Summary
Benchmarking times for Channels in Julia - using a ~5GB tsv file
- Baseline: Bash tools (cat, grep - baseline written in C)
- ~ 2 seconds
- Julia: Simple loop with eachline
- ~ 4-5 seconds (2nd-run, not pre-compilation, etc)
- Julia Channel implementation
- ~ 11 seconds (2nd-run, not pre-compilation, etc)
Also:
- Pure Python
- ~ 4-5 seconds
Longer Explaination
I have been working towards making the most performant/standard type of multiprocessing design pattern wherein data is either streamed from disk or a download stream, pieces are fed to all cores on the system, and then the output from this is serialized to disk. This is obviously a hugely important design to get right, since most programming tasks fall within this description.
Julia seems like a great choice for this due to it's supposed ability to be performant.
In order to serialize the IO to/from disk or download and then to send data to each processor, Channels seem to be the suggested choice by Julia.
However, my tests so far seem to indicate that this is extremely non-performant.
The simplest example displays just how exceedingly slow Channels (and Julia!) are at this. It's been very disappointing.
A simple example of grep and cat (removing multiprocessing bits for clarity):
Julia code:
using CodecZlib: GzipDecompressorStream
using TranscodingStreams: NoopStream
"""
A simple function to "generate" (place into a Channel) lines from a file
- This mimics python-like behavior of 'yield'
"""
function cat_ch(fpath)
Channel() do ch
codec = endswith(fpath, ".gz") ? GzipDecompressorStream : NoopStream
open(codec, fpath, "r") do stream
for (i, l) in enumerate(eachline(stream))
put!(ch, (i, l))
end
end
end
end
function grep_ch(line_chnl, searchstr)
Channel() do ch
for (i, l) in line_chnl
if occursin(searchstr, l)
put!(ch, (i, l))
end
end
end
end
function catgrep_ch(fpath, search)
for (i, l) in grep_ch(cat_ch(fpath), search)
println((i, l))
end
end
function catgrep(fpath, search)
codec = endswith(fpath, ".gz") ? GzipDecompressorStream : NoopStream
open(codec, fpath, "r") do stream
for (i, l) in enumerate(eachline(stream))
if occursin(search, l)
println((i,l))
end
end
end
end
if abspath(PROGRAM_FILE) == @__FILE__
fpath = ARGS[1]
search = ARGS[2]
catgrep_ch(fpath, search)
end
Performance Benchmarks
1) Baseline:
user@computer>> time (cat bigfile.tsv | grep seachterm)
real 0m1.952s
user 0m0.205s
sys 0m2.525s
3) Without Channels (Simple) in Julia:
julia> include("test1.jl")
julia> @time catgrep("bigfile.tsv", "seachterm")

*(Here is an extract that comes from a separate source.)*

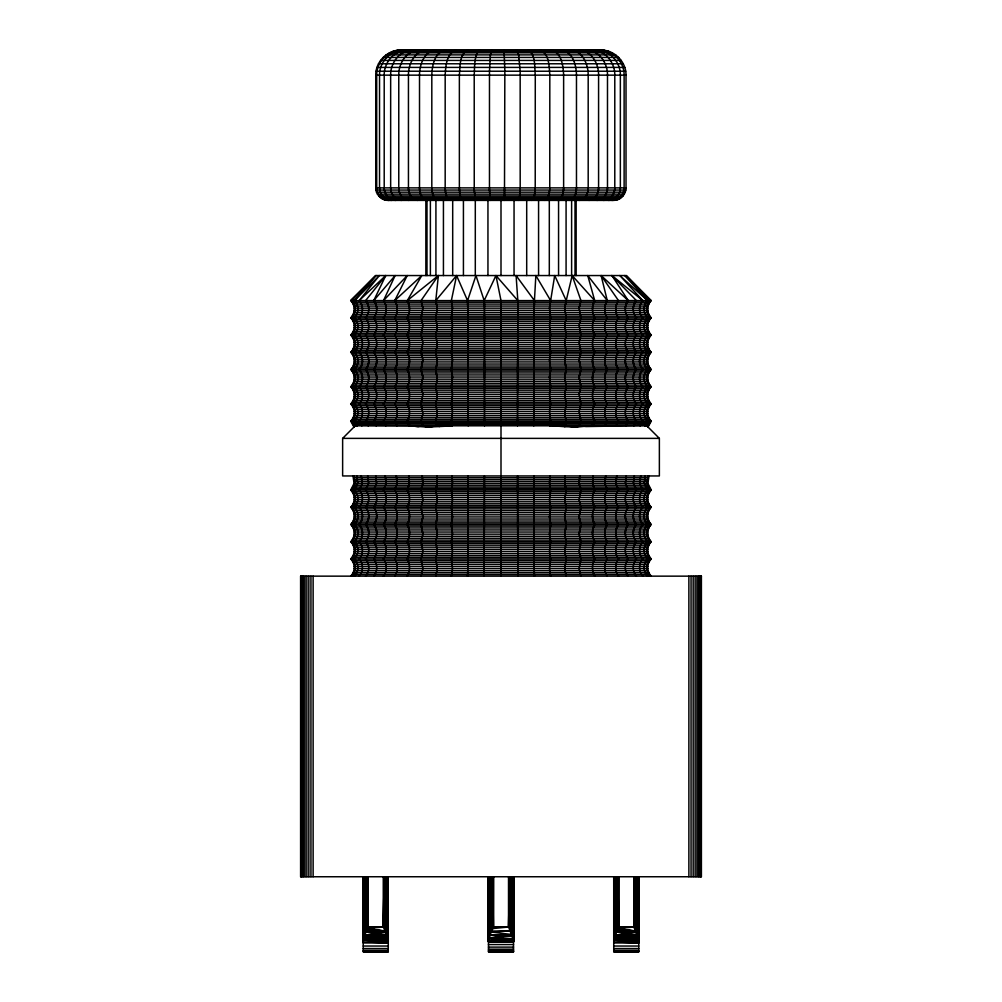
<?xml version="1.0" encoding="UTF-8"?>
<svg xmlns="http://www.w3.org/2000/svg" width="1002" height="1002" viewBox="0 0 1002 1002"><rect width="100%" height="100%" fill="white"/><g stroke="black" fill="none" stroke-linecap="round" stroke-linejoin="round"><path stroke-width="1.5" d="M363.676 938.598L363.475 876.75L363.488 939.538L388.275 941.88L387.048 935.968L383.328 927L368.172 927L368.235 876.75L368.235 926.85L364.853 934.853L363.225 941.88L388.275 942.957L363.501 939.525L363.288 876.75L363.225 941.88L363.475 876.75L363.388 940.014L388.275 942.957L363.225 942.957M368.172 927L367.446 876.75L367.471 928.591L385.169 931.196L366.394 931.021L366.682 876.75L367.471 928.591L383.328 927L384.054 876.75L384.806 930.332L384.818 876.75M384.806 930.332L385.545 876.75L386.183 933.676L386.208 876.75M386.183 933.676L386.81 876.75L386.797 935.292L387.323 876.75L387.711 938.21L388.024 876.75L388.012 939.538L363.501 939.525L363.475 876.75M387.711 938.21L387.724 876.75M513.525 941.88L513.462 876.75L513.525 951.9L488.475 951.9L488.475 876.75L488.575 940.74L513.262 939.538L508.578 927L493.422 927L493.485 876.75L493.485 926.85L490.103 934.853L488.475 941.88L513.525 941.88L513.462 876.75L513.525 941.88L488.5 941.567L513.5 941.567L488.575 940.74L488.475 876.75L488.738 939.538L489.026 876.75L489.039 938.21L513.262 939.538L513.274 876.75L512.961 938.21L512.573 876.75L512.047 935.292L489.039 938.21L488.725 876.75L488.475 941.88L488.538 876.75L488.625 940.076L513.262 939.538L512.974 876.75L512.961 938.21M510.056 930.332L510.795 876.75L511.433 933.676L512.06 876.75L512.047 935.292L489.965 935.279L489.94 876.75L490.103 934.853L511.797 934.59L491.243 932.023L491.205 876.75L491.757 930.77L491.932 876.75L492.721 928.591L508.578 927L509.304 876.75L510.056 930.332L510.068 876.75M511.433 933.676L511.458 876.75M614.276 876.75L614.001 939.525L638.775 941.88L637.548 935.968L633.828 927L618.672 927L618.735 876.75L618.735 926.85L615.353 934.853L613.725 941.88L638.775 942.957L614.001 939.525L613.976 876.75L613.875 940.076L638.775 942.957L613.725 942.957M618.672 927L617.946 876.75L617.971 928.591L635.669 931.196L616.894 931.021L617.182 876.75L617.971 928.591L633.828 927L634.554 876.75L635.306 930.332L635.318 876.75M635.306 930.332L636.045 876.75L636.683 933.676L636.708 876.75M636.683 933.676L637.31 876.75L637.297 935.292L637.823 876.75L638.211 938.21L614.038 939.362L638.512 939.538L638.712 876.75L638.775 941.88L638.524 876.75L638.211 938.21L614.289 938.21L637.786 936.782L638.625 940.076L614.001 939.525L638.512 939.538L638.524 876.75L638.324 938.598L614.038 939.362M638.211 938.21L638.224 876.75L638.499 939.525L638.224 876.75M638.625 940.076L638.712 876.75L638.775 951.9L613.725 951.9L613.725 876.75L613.875 940.076M388.275 941.88L388.212 876.75L388.112 940.014L363.501 939.525L363.776 876.75L363.789 938.21L364.177 876.75L364.227 881.372M386.81 876.75L386.572 934.641L365.993 932.023L365.292 876.75L364.853 934.853L386.847 935.417L365.993 932.023L365.955 876.75L366.394 931.021M363.501 939.525L387.286 936.782L364.227 936.77L387.048 935.968L387.323 876.75M388.024 876.75L387.824 938.598L363.538 939.362L388.012 939.538L388.212 876.75L388.275 951.9L363.225 951.9L363.225 876.75L363.375 940.076M488.575 940.74L513.362 940.014L513.274 876.75L513.074 938.598L489.039 938.21L489.427 876.75L489.965 935.279L511.822 934.641L512.06 876.75M637.31 876.75L637.072 934.641L616.493 932.023L615.792 876.75L615.353 934.853L637.347 935.417L616.493 932.023L616.455 876.75L616.894 931.021M637.548 935.968L615.178 935.405L614.677 876.75L614.351 937.91L637.786 936.782L614.727 936.77L637.548 935.968L637.823 876.75L638.149 937.91M387.048 935.968L364.678 935.405L364.177 876.75L363.851 937.91L387.286 936.782M385.545 876.75L385.094 930.983L367.471 928.591M489.94 876.75L490.216 934.59L490.542 876.75L491.243 932.023L510.344 930.983L510.795 876.75M636.045 876.75L635.594 930.983L617.971 928.591M637.773 881.372L637.823 876.75M383.328 927L384.054 876.75M508.578 927L509.304 876.75M633.828 927L634.554 876.75M517.495 425.85L517.834 300.6L516.093 275.55L534.442 300.6C533.127 342.346 534.467 384.142 533.79 425.85M517.571 475.95L517.834 576.15M534.442 300.6L535.845 275.55L550.637 300.6L549.484 308.153L550.637 317.822L549.484 325.374L550.637 335.044L549.484 342.596L550.637 352.266L549.484 359.818L550.637 369.488L549.484 377.04L550.637 386.709L549.484 394.262L550.637 403.931L549.484 411.484L550.637 421.153L549.672 425.85M651.3 576.15C646.616 571.628 646.616 563.45 651.3 558.928C646.616 554.407 646.616 546.228 651.3 541.706C646.616 537.185 646.616 529.006 651.3 524.484C646.616 519.963 646.616 511.784 651.3 507.262C646.616 502.741 646.616 494.562 651.3 490.041L647.893 483.365L649.033 475.95M389.127 200.4C382.138 200.951 375.612 194.902 375.75 187.875L375.75 75.15C375.474 61.473 387.899 49.436 401.564 50.1M350.7 576.15C355.384 571.628 355.384 563.45 350.7 558.928C355.384 554.407 355.384 546.228 350.7 541.706C355.384 537.185 355.384 529.006 350.7 524.484C355.384 519.963 355.384 511.784 350.7 507.262C355.384 502.741 355.384 494.562 350.7 490.041L354.107 483.365L352.967 475.95M388.275 200.4L613.512 200.4C620.2 200.513 626.125 194.563 626.012 187.875L626.012 75.15C626.263 61.773 614.389 49.849 601.012 50.1L400.8 50.1M533.941 475.95C534.254 509.392 533.239 542.746 534.442 576.15M484.166 576.15L484.429 475.95M452.328 425.85L439.427 426.551L437.01 425.524L435.782 421.153L437.31 413.601L435.782 403.931L437.31 396.379L435.782 386.709L437.31 379.157L435.782 369.488L437.31 361.935L435.782 352.266L437.31 344.713L435.782 335.044L437.31 327.491L435.782 317.822L437.31 308.153L435.782 300.6L438.375 275.55L407.288 300.6C410.256 305.798 410.256 312.624 407.288 317.822C410.256 323.02 410.256 329.846 407.288 335.044C410.256 340.242 410.256 347.068 407.288 352.266C410.256 357.463 410.256 364.29 407.288 369.488C410.256 374.685 410.256 381.512 407.288 386.709C410.256 391.907 410.256 398.733 407.288 403.931C410.256 409.129 410.256 415.955 407.288 421.153L409.117 425.85M549.898 475.95L549.509 483.365L550.637 490.041L549.484 499.71L550.637 507.262L549.484 516.932L550.637 524.484L549.484 534.154L550.637 541.706L549.484 551.376L550.637 558.928L549.484 568.597L550.637 576.15M550.637 300.6L554.695 275.55L566.218 300.6L564.69 308.153L566.218 317.822L564.69 325.374L566.218 335.044L564.69 342.596L566.218 352.266L564.69 359.818L566.218 369.488L564.69 377.04L566.218 386.709L564.69 394.262L566.218 403.931L564.69 413.601L566.218 421.153L564.777 426.714L549.71 425.524M353.982 427.027L350.7 421.153C355.384 416.632 355.384 408.453 350.7 403.931C355.384 399.41 355.384 391.231 350.7 386.709C355.384 382.188 355.384 374.009 350.7 369.488C355.384 364.966 355.384 356.787 350.7 352.266C355.384 347.744 355.384 339.565 350.7 335.044C355.384 330.522 355.384 322.343 350.7 317.822C355.384 313.3 355.384 305.122 350.7 300.6L375.75 275.55L626.25 275.55L651.3 300.6C646.616 305.122 646.616 313.3 651.3 317.822C646.616 322.343 646.616 330.522 651.3 335.044C646.616 339.565 646.616 347.744 651.3 352.266C646.616 356.787 646.616 364.966 651.3 369.488C646.616 374.009 646.616 382.188 651.3 386.709C646.616 391.231 646.616 399.41 651.3 403.931C646.616 408.453 646.616 416.632 651.3 421.153L648.018 427.027M565.228 475.95L564.727 483.365L566.218 490.041L564.69 499.71L566.218 507.262L564.69 516.932L566.218 524.484L564.69 534.154L566.218 541.706L564.69 551.376L566.218 558.928L564.69 568.597L566.218 576.15M467.558 576.15C468.761 542.746 467.746 509.392 468.059 475.95M488.638 940.014L489.464 936.782M468.21 425.85C467.533 384.142 468.873 342.346 467.558 300.6L456.586 275.55L451.363 300.6L452.516 308.153L451.363 317.822L452.516 325.374L451.363 335.044L452.516 342.596L451.363 352.266L452.516 359.818L451.363 369.488L452.516 377.04L451.363 386.709L452.516 394.262L451.363 403.931L452.516 411.484L451.363 421.153L452.29 425.524M579.757 475.95L579.143 483.365L580.96 490.041L579.093 499.71L580.96 507.262L579.093 516.932L580.96 524.484L579.093 534.154L580.96 541.706L579.093 551.376L580.96 558.928L579.093 568.597L580.96 576.15M592.883 425.85L594.712 421.153C591.744 415.955 591.744 409.129 594.712 403.931C591.744 398.733 591.744 391.907 594.712 386.709C591.744 381.512 591.744 374.685 594.712 369.488C591.744 364.29 591.744 357.463 594.712 352.266C591.744 347.068 591.744 340.242 594.712 335.044C591.744 329.846 591.744 323.02 594.712 317.822C591.744 312.624 591.744 305.798 594.712 300.6L587.761 275.55L607.275 300.6C603.918 305.66 603.918 312.762 607.275 317.822C603.918 322.882 603.918 329.984 607.275 335.044C603.918 340.104 603.918 347.206 607.275 352.266C603.918 357.326 603.918 364.427 607.275 369.488C603.918 374.548 603.918 381.649 607.275 386.709C603.918 391.769 603.918 398.871 607.275 403.931C603.918 408.991 603.918 416.093 607.275 421.153L605.208 425.85M566.218 300.6L572.155 275.55L594.712 300.6M593.297 475.95L592.583 483.365L594.712 490.041C591.744 495.238 591.744 502.065 594.712 507.262C591.744 512.46 591.744 519.287 594.712 524.484C591.744 529.682 591.744 536.508 594.712 541.706C591.744 546.904 591.744 553.73 594.712 558.928C591.744 564.126 591.744 570.952 594.712 576.15M451.363 576.15L452.516 568.597L451.363 558.928L452.516 551.376L451.363 541.706L452.516 534.154L451.363 524.484L452.516 516.932L451.363 507.262L452.516 499.71L451.363 490.041L452.491 483.365L452.102 475.95M616.23 425.85L618.51 421.153C614.815 416.218 614.815 408.866 618.51 403.931C614.815 398.996 614.815 391.644 618.51 386.709C614.815 381.775 614.815 374.422 618.51 369.488C614.815 364.553 614.815 357.2 618.51 352.266C614.815 347.331 614.815 339.979 618.51 335.044C614.815 330.109 614.815 322.757 618.51 317.822C614.815 312.887 614.815 305.535 618.51 300.6L601.125 275.55L607.275 300.6M605.671 475.95L604.87 483.365L607.275 490.041C603.918 495.101 603.918 502.202 607.275 507.262C603.918 512.323 603.918 519.424 607.275 524.484C603.918 529.544 603.918 536.646 607.275 541.706C603.918 546.766 603.918 553.868 607.275 558.928C603.918 563.988 603.918 571.09 607.275 576.15M625.787 425.85L628.267 421.153C624.271 416.344 624.271 408.741 628.267 403.931C624.271 399.122 624.271 391.519 628.267 386.709C624.271 381.9 624.271 374.297 628.267 369.488C624.271 364.678 624.271 357.075 628.267 352.266C624.271 347.456 624.271 339.853 628.267 335.044C624.271 330.234 624.271 322.631 628.267 317.822C624.271 313.012 624.271 305.41 628.267 300.6L611.909 275.55L642.871 300.6C638.437 305.234 638.437 313.188 642.871 317.822C638.437 322.456 638.437 330.409 642.871 335.044C638.437 339.678 638.437 347.631 642.871 352.266C638.437 356.9 638.437 364.853 642.871 369.488C638.437 374.122 638.437 382.075 642.871 386.709C638.437 391.344 638.437 399.297 642.871 403.931C638.437 408.565 638.437 416.519 642.871 421.153L640.115 425.85M648.031 427.052L648.494 425.524L353.506 425.524L353.969 427.052M616.744 475.95L615.842 483.365L618.51 490.041C614.815 494.975 614.815 502.328 618.51 507.262C614.815 512.197 614.815 519.55 618.51 524.484C614.815 529.419 614.815 536.771 618.51 541.706C614.815 546.641 614.815 553.993 618.51 558.928C614.815 563.863 614.815 571.215 618.51 576.15M633.79 425.85L636.42 421.153C632.174 416.444 632.174 408.641 636.42 403.931C632.174 399.222 632.174 391.419 636.42 386.709C632.174 382 632.174 374.197 636.42 369.488C632.174 364.778 632.174 356.975 636.42 352.266C632.174 347.556 632.174 339.753 636.42 335.044C632.174 330.334 632.174 322.531 636.42 317.822C632.174 313.112 632.174 305.309 636.42 300.6L611.909 275.55M467.558 300.6L475.95 275.55L484.166 300.6L484.442 304.069L484.505 425.85M626.35 475.95L625.373 483.365L628.267 490.041C624.271 494.85 624.271 502.453 628.267 507.262C624.271 512.072 624.271 519.675 628.267 524.484C624.271 529.294 624.271 536.897 628.267 541.706C624.271 546.516 624.271 554.119 628.267 558.928C624.271 563.738 624.271 571.34 628.267 576.15M644.687 425.85L647.53 421.153C642.958 416.582 642.958 408.503 647.53 403.931C642.958 399.36 642.958 391.281 647.53 386.709C642.958 382.138 642.958 374.059 647.53 369.488C642.958 364.916 642.958 356.837 647.53 352.266C642.958 347.694 642.958 339.615 647.53 335.044C642.958 330.472 642.958 322.393 647.53 317.822C642.958 313.25 642.958 305.172 647.53 300.6L624.634 275.55L650.361 300.6C645.701 305.134 645.701 313.288 650.361 317.822C645.701 322.356 645.701 330.51 650.361 335.044C645.701 339.578 645.701 347.732 650.361 352.266C645.701 356.8 645.701 364.953 650.361 369.488C645.701 374.022 645.701 382.175 650.361 386.709C645.701 391.243 645.701 399.397 650.361 403.931C645.701 408.465 645.701 416.619 650.361 421.153L647.543 426.551M504.469 200.4L504.845 71.23L504.081 50.1M435.782 576.15L437.31 568.597L435.782 558.928L437.31 551.376L435.782 541.706L437.31 534.154L435.782 524.484L437.31 516.932L435.782 507.262L437.31 499.71L435.782 490.041L437.273 483.365L436.772 475.95M634.379 475.95L633.339 483.365L636.42 490.041C632.174 494.75 632.174 502.553 636.42 507.262C632.174 511.972 632.174 519.775 636.42 524.484C632.174 529.194 632.174 536.997 636.42 541.706C632.174 546.416 632.174 554.219 636.42 558.928C632.174 563.638 632.174 571.441 636.42 576.15M640.729 475.95L639.639 483.365L642.871 490.041C638.437 494.675 638.437 502.628 642.871 507.262C638.437 511.897 638.437 519.85 642.871 524.484C638.437 529.119 638.437 537.072 642.871 541.706C638.437 546.34 638.437 554.294 642.871 558.928C638.437 563.562 638.437 571.516 642.871 576.15M645.326 475.95L644.211 483.365L647.53 490.041C642.958 494.612 642.958 502.691 647.53 507.262C642.958 511.834 642.958 519.913 647.53 524.484C642.958 529.056 642.958 537.135 647.53 541.706C642.958 546.278 642.958 554.356 647.53 558.928C642.958 563.5 642.958 571.578 647.53 576.15M648.106 475.95L646.966 483.365L650.361 490.041C645.701 494.575 645.701 502.728 650.361 507.262C645.701 511.797 645.701 519.95 650.361 524.484C645.701 529.018 645.701 537.172 650.361 541.706C645.701 546.24 645.701 554.394 650.361 558.928C645.701 563.462 645.701 571.616 650.361 576.15M421.04 576.15L422.907 568.597L421.04 558.928L422.907 551.376L421.04 541.706L422.907 534.154L421.04 524.484L422.907 516.932L421.04 507.262L422.907 499.71L421.04 490.041L422.857 483.365L422.243 475.95M385.77 425.85L383.49 421.153C387.185 416.218 387.185 408.866 383.49 403.931C387.185 398.996 387.185 391.644 383.49 386.709C387.185 381.775 387.185 374.422 383.49 369.488C387.185 364.553 387.185 357.2 383.49 352.266C387.185 347.331 387.185 339.979 383.49 335.044C387.185 330.109 387.185 322.757 383.49 317.822C387.185 312.887 387.185 305.535 383.49 300.6L395.139 275.55L373.733 300.6C377.729 305.41 377.729 313.012 373.733 317.822C377.729 322.631 377.729 330.234 373.733 335.044C377.729 339.853 377.729 347.456 373.733 352.266C377.729 357.075 377.729 364.678 373.733 369.488C377.729 374.297 377.729 381.9 373.733 386.709C377.729 391.519 377.729 399.122 373.733 403.931C377.729 408.741 377.729 416.344 373.733 421.153L376.213 425.85M484.166 300.6L495.952 275.55L517.834 300.6M373.733 300.6L385.77 275.55L359.129 300.6C363.563 305.234 363.563 313.188 359.129 317.822C363.563 322.456 363.563 330.409 359.129 335.044C363.563 339.678 363.563 347.631 359.129 352.266C363.563 356.9 363.563 364.853 359.129 369.488C363.563 374.122 363.563 382.075 359.129 386.709C363.563 391.344 363.563 399.297 359.129 403.931C363.563 408.565 363.563 416.519 359.129 421.153L361.885 425.85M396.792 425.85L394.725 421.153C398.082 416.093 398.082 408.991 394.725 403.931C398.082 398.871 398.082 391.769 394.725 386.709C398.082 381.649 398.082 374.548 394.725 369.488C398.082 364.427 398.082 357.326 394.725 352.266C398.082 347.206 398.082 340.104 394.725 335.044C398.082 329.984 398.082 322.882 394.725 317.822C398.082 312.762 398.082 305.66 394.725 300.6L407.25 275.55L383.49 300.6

4.448542 seconds (20.30 M allocations: 10.940 GiB, 5.00% gc time)
julia> @time catgrep("bigfile.tsv", "seachterm")
4.512661 seconds (20.30 M allocations: 10.940 GiB, 4.87% gc time)
So, it's like 2-3x worse, in the most simplistic possible case. Nothing fancy is done here at all, and it isn't due to pre-compilation.
3) Channels in Julia:
julia> @time catgrep_ch("bigfile.tsv", "seachterm")
11.691557 seconds (65.45 M allocations: 12.140 GiB, 3.06% gc time, 0.80% compilation time)
julia> @time catgrep_ch("bigfile.tsv", "seachterm")
11.403931 seconds (65.30 M allocations: 12.132 GiB, 3.03% gc time)
This is really horrible, and I'm not sure how it becomes so sluggish.
Is the way in which Channels are used here wrong?